## Activity
Here are the records. Write out exactly the lines between the one holding "#66=AXIS2_PLACEMENT_3D('',#63,#64,#65);" and the one holding "#129=EDGE_LOOP('',(#128));", inclusive.

## Supplied entries
* * *

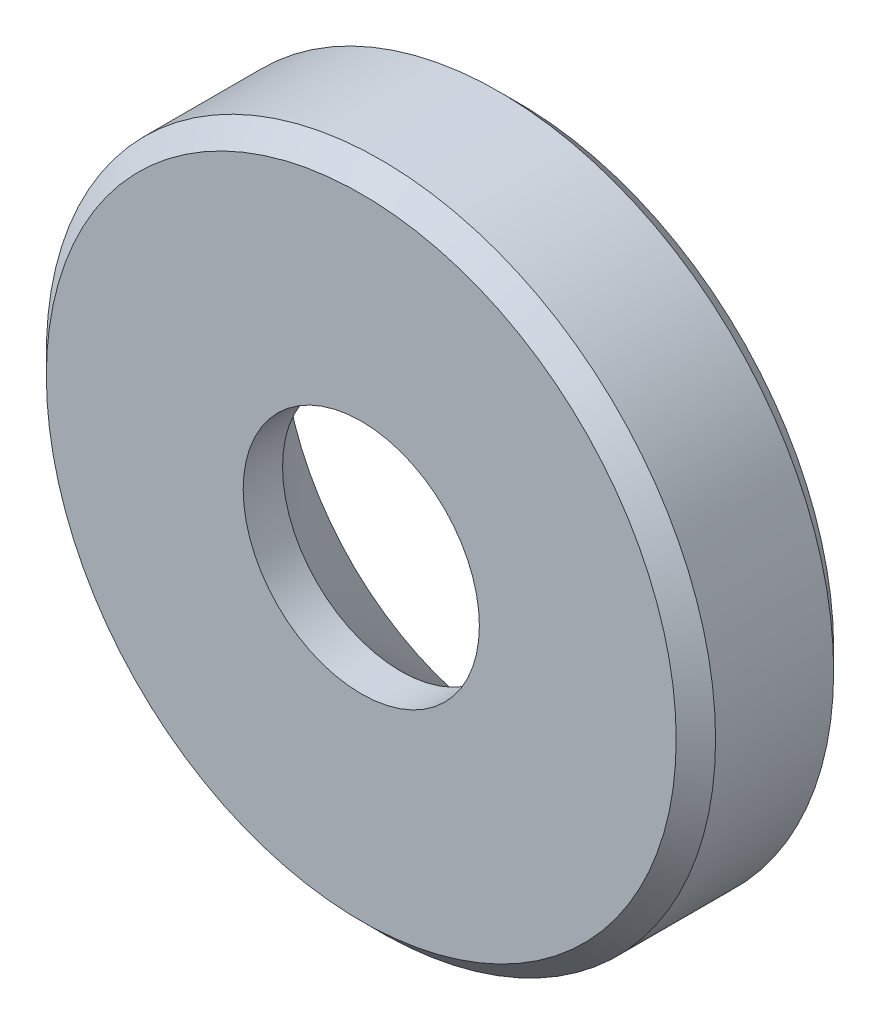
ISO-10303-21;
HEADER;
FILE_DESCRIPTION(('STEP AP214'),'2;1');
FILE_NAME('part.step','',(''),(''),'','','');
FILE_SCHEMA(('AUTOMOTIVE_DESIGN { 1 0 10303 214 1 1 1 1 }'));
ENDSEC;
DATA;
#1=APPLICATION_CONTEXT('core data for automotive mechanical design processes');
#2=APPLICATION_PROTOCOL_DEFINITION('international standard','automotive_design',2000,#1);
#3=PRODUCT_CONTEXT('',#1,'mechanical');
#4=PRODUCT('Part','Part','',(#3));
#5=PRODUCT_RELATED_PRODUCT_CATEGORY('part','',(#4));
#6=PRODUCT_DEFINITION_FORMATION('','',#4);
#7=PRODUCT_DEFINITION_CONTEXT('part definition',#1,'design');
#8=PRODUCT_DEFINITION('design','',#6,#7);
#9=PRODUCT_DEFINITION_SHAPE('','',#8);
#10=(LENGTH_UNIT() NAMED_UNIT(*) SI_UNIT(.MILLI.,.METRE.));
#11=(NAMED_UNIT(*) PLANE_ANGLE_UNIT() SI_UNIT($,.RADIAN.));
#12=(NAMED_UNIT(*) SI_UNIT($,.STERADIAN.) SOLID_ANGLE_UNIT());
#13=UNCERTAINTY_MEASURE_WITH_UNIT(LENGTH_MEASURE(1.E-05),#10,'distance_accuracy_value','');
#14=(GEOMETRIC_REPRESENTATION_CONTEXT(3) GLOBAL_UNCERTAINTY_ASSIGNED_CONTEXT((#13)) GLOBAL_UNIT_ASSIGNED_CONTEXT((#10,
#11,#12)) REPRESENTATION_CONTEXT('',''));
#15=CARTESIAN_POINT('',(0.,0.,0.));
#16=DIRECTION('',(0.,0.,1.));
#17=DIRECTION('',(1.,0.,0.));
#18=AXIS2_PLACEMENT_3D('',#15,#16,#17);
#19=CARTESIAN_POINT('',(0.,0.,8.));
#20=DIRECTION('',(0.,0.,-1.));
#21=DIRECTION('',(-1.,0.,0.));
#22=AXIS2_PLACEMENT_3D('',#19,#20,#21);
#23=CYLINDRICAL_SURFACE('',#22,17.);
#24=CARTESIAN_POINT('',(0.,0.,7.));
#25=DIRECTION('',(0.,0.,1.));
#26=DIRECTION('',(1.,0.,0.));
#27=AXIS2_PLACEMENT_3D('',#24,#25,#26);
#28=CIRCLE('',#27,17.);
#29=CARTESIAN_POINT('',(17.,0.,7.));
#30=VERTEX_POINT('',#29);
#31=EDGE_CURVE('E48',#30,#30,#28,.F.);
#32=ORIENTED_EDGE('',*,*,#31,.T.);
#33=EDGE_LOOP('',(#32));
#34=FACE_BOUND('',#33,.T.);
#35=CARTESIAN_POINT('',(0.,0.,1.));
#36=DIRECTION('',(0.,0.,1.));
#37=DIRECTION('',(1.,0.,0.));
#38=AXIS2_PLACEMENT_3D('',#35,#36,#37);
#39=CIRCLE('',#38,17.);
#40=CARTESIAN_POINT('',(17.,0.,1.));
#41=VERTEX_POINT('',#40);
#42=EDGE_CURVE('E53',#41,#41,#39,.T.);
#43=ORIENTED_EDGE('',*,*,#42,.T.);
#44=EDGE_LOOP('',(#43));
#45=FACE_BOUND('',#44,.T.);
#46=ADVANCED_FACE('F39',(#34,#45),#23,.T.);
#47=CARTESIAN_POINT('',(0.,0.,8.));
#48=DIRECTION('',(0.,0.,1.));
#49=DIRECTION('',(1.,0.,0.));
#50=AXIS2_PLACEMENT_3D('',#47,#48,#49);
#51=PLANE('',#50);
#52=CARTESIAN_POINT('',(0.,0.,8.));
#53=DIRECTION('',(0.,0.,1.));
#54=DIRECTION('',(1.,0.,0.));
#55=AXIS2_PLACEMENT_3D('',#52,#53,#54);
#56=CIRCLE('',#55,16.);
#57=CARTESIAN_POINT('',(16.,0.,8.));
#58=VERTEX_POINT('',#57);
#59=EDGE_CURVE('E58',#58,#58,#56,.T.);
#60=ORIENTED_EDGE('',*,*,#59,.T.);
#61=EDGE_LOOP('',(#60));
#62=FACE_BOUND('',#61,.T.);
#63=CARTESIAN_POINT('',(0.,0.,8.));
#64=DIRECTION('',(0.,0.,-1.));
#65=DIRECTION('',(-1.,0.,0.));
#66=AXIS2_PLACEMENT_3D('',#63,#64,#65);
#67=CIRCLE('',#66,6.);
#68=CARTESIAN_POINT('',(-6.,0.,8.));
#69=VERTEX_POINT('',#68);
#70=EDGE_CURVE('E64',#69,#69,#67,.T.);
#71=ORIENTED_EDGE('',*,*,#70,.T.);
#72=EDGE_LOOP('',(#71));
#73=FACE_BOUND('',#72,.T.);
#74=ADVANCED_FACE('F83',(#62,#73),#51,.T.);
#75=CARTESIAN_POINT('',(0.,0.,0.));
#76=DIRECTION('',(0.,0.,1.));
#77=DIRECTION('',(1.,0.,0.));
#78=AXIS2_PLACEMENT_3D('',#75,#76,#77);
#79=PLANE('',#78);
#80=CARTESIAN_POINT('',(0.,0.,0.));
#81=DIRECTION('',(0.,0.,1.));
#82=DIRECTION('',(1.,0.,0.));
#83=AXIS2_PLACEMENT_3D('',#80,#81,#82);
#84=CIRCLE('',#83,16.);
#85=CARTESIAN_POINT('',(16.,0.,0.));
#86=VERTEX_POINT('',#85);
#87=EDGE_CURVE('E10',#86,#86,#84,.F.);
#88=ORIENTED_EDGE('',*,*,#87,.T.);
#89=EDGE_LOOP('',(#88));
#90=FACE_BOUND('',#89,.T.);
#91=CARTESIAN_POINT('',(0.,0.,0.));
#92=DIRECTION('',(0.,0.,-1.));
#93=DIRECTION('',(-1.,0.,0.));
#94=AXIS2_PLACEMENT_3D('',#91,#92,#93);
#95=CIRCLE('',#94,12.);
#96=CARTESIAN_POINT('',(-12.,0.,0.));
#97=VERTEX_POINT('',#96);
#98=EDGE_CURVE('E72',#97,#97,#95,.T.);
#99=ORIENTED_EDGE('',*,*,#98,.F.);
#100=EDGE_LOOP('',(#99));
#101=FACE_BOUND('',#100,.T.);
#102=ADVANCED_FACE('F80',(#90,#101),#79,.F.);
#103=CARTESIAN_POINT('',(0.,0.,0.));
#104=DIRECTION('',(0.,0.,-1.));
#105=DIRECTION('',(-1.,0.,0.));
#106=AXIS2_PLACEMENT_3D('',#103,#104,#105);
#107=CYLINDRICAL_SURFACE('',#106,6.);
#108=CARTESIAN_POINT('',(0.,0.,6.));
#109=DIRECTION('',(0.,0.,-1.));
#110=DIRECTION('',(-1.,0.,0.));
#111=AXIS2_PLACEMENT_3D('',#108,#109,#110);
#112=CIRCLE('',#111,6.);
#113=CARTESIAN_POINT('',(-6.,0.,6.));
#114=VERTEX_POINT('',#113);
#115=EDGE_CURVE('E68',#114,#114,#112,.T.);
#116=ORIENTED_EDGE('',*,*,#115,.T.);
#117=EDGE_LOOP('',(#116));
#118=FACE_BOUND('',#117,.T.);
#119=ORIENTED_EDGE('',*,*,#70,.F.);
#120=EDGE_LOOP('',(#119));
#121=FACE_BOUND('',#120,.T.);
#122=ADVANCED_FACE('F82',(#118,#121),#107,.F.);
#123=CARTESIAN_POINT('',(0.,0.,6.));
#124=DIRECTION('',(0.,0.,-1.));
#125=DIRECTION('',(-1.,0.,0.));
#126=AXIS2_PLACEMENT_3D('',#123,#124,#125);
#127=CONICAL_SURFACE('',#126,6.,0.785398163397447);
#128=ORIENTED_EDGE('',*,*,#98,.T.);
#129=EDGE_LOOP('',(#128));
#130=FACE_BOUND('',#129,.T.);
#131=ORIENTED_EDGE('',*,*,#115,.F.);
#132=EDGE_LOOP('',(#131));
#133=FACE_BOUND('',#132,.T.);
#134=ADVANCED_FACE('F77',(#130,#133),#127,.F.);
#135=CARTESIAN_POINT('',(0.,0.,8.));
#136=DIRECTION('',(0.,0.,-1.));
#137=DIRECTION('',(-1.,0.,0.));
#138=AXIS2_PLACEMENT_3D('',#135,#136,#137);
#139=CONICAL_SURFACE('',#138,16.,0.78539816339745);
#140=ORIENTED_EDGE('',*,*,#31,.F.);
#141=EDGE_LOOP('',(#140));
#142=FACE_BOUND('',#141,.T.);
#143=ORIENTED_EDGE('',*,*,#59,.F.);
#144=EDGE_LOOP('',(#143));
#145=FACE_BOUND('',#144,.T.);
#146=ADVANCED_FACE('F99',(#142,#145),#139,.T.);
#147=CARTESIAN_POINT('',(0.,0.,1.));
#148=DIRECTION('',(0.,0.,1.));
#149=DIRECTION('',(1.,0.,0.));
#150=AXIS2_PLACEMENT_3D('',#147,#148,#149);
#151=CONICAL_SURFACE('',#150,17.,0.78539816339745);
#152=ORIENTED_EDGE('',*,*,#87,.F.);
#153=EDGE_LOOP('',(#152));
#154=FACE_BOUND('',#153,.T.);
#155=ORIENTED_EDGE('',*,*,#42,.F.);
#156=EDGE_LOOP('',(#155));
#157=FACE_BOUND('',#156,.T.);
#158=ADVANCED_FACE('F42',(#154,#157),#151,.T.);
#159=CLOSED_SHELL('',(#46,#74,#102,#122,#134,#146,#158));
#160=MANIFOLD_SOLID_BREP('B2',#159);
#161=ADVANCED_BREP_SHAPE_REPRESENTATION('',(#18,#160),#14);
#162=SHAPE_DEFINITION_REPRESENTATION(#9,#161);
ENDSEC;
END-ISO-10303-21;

* * *

## Solution below
#66=AXIS2_PLACEMENT_3D('',#63,#64,#65);
#67=CIRCLE('',#66,6.);
#68=CARTESIAN_POINT('',(-6.,0.,8.));
#69=VERTEX_POINT('',#68);
#70=EDGE_CURVE('E64',#69,#69,#67,.T.);
#71=ORIENTED_EDGE('',*,*,#70,.T.);
#72=EDGE_LOOP('',(#71));
#73=FACE_BOUND('',#72,.T.);
#74=ADVANCED_FACE('F83',(#62,#73),#51,.T.);
#75=CARTESIAN_POINT('',(0.,0.,0.));
#76=DIRECTION('',(0.,0.,1.));
#77=DIRECTION('',(1.,0.,0.));
#78=AXIS2_PLACEMENT_3D('',#75,#76,#77);
#79=PLANE('',#78);
#80=CARTESIAN_POINT('',(0.,0.,0.));
#81=DIRECTION('',(0.,0.,1.));
#82=DIRECTION('',(1.,0.,0.));
#83=AXIS2_PLACEMENT_3D('',#80,#81,#82);
#84=CIRCLE('',#83,16.);
#85=CARTESIAN_POINT('',(16.,0.,0.));
#86=VERTEX_POINT('',#85);
#87=EDGE_CURVE('E10',#86,#86,#84,.F.);
#88=ORIENTED_EDGE('',*,*,#87,.T.);
#89=EDGE_LOOP('',(#88));
#90=FACE_BOUND('',#89,.T.);
#91=CARTESIAN_POINT('',(0.,0.,0.));
#92=DIRECTION('',(0.,0.,-1.));
#93=DIRECTION('',(-1.,0.,0.));
#94=AXIS2_PLACEMENT_3D('',#91,#92,#93);
#95=CIRCLE('',#94,12.);
#96=CARTESIAN_POINT('',(-12.,0.,0.));
#97=VERTEX_POINT('',#96);
#98=EDGE_CURVE('E72',#97,#97,#95,.T.);
#99=ORIENTED_EDGE('',*,*,#98,.F.);
#100=EDGE_LOOP('',(#99));
#101=FACE_BOUND('',#100,.T.);
#102=ADVANCED_FACE('F80',(#90,#101),#79,.F.);
#103=CARTESIAN_POINT('',(0.,0.,0.));
#104=DIRECTION('',(0.,0.,-1.));
#105=DIRECTION('',(-1.,0.,0.));
#106=AXIS2_PLACEMENT_3D('',#103,#104,#105);
#107=CYLINDRICAL_SURFACE('',#106,6.);
#108=CARTESIAN_POINT('',(0.,0.,6.));
#109=DIRECTION('',(0.,0.,-1.));
#110=DIRECTION('',(-1.,0.,0.));
#111=AXIS2_PLACEMENT_3D('',#108,#109,#110);
#112=CIRCLE('',#111,6.);
#113=CARTESIAN_POINT('',(-6.,0.,6.));
#114=VERTEX_POINT('',#113);
#115=EDGE_CURVE('E68',#114,#114,#112,.T.);
#116=ORIENTED_EDGE('',*,*,#115,.T.);
#117=EDGE_LOOP('',(#116));
#118=FACE_BOUND('',#117,.T.);
#119=ORIENTED_EDGE('',*,*,#70,.F.);
#120=EDGE_LOOP('',(#119));
#121=FACE_BOUND('',#120,.T.);
#122=ADVANCED_FACE('F82',(#118,#121),#107,.F.);
#123=CARTESIAN_POINT('',(0.,0.,6.));
#124=DIRECTION('',(0.,0.,-1.));
#125=DIRECTION('',(-1.,0.,0.));
#126=AXIS2_PLACEMENT_3D('',#123,#124,#125);
#127=CONICAL_SURFACE('',#126,6.,0.785398163397447);
#128=ORIENTED_EDGE('',*,*,#98,.T.);
#129=EDGE_LOOP('',(#128));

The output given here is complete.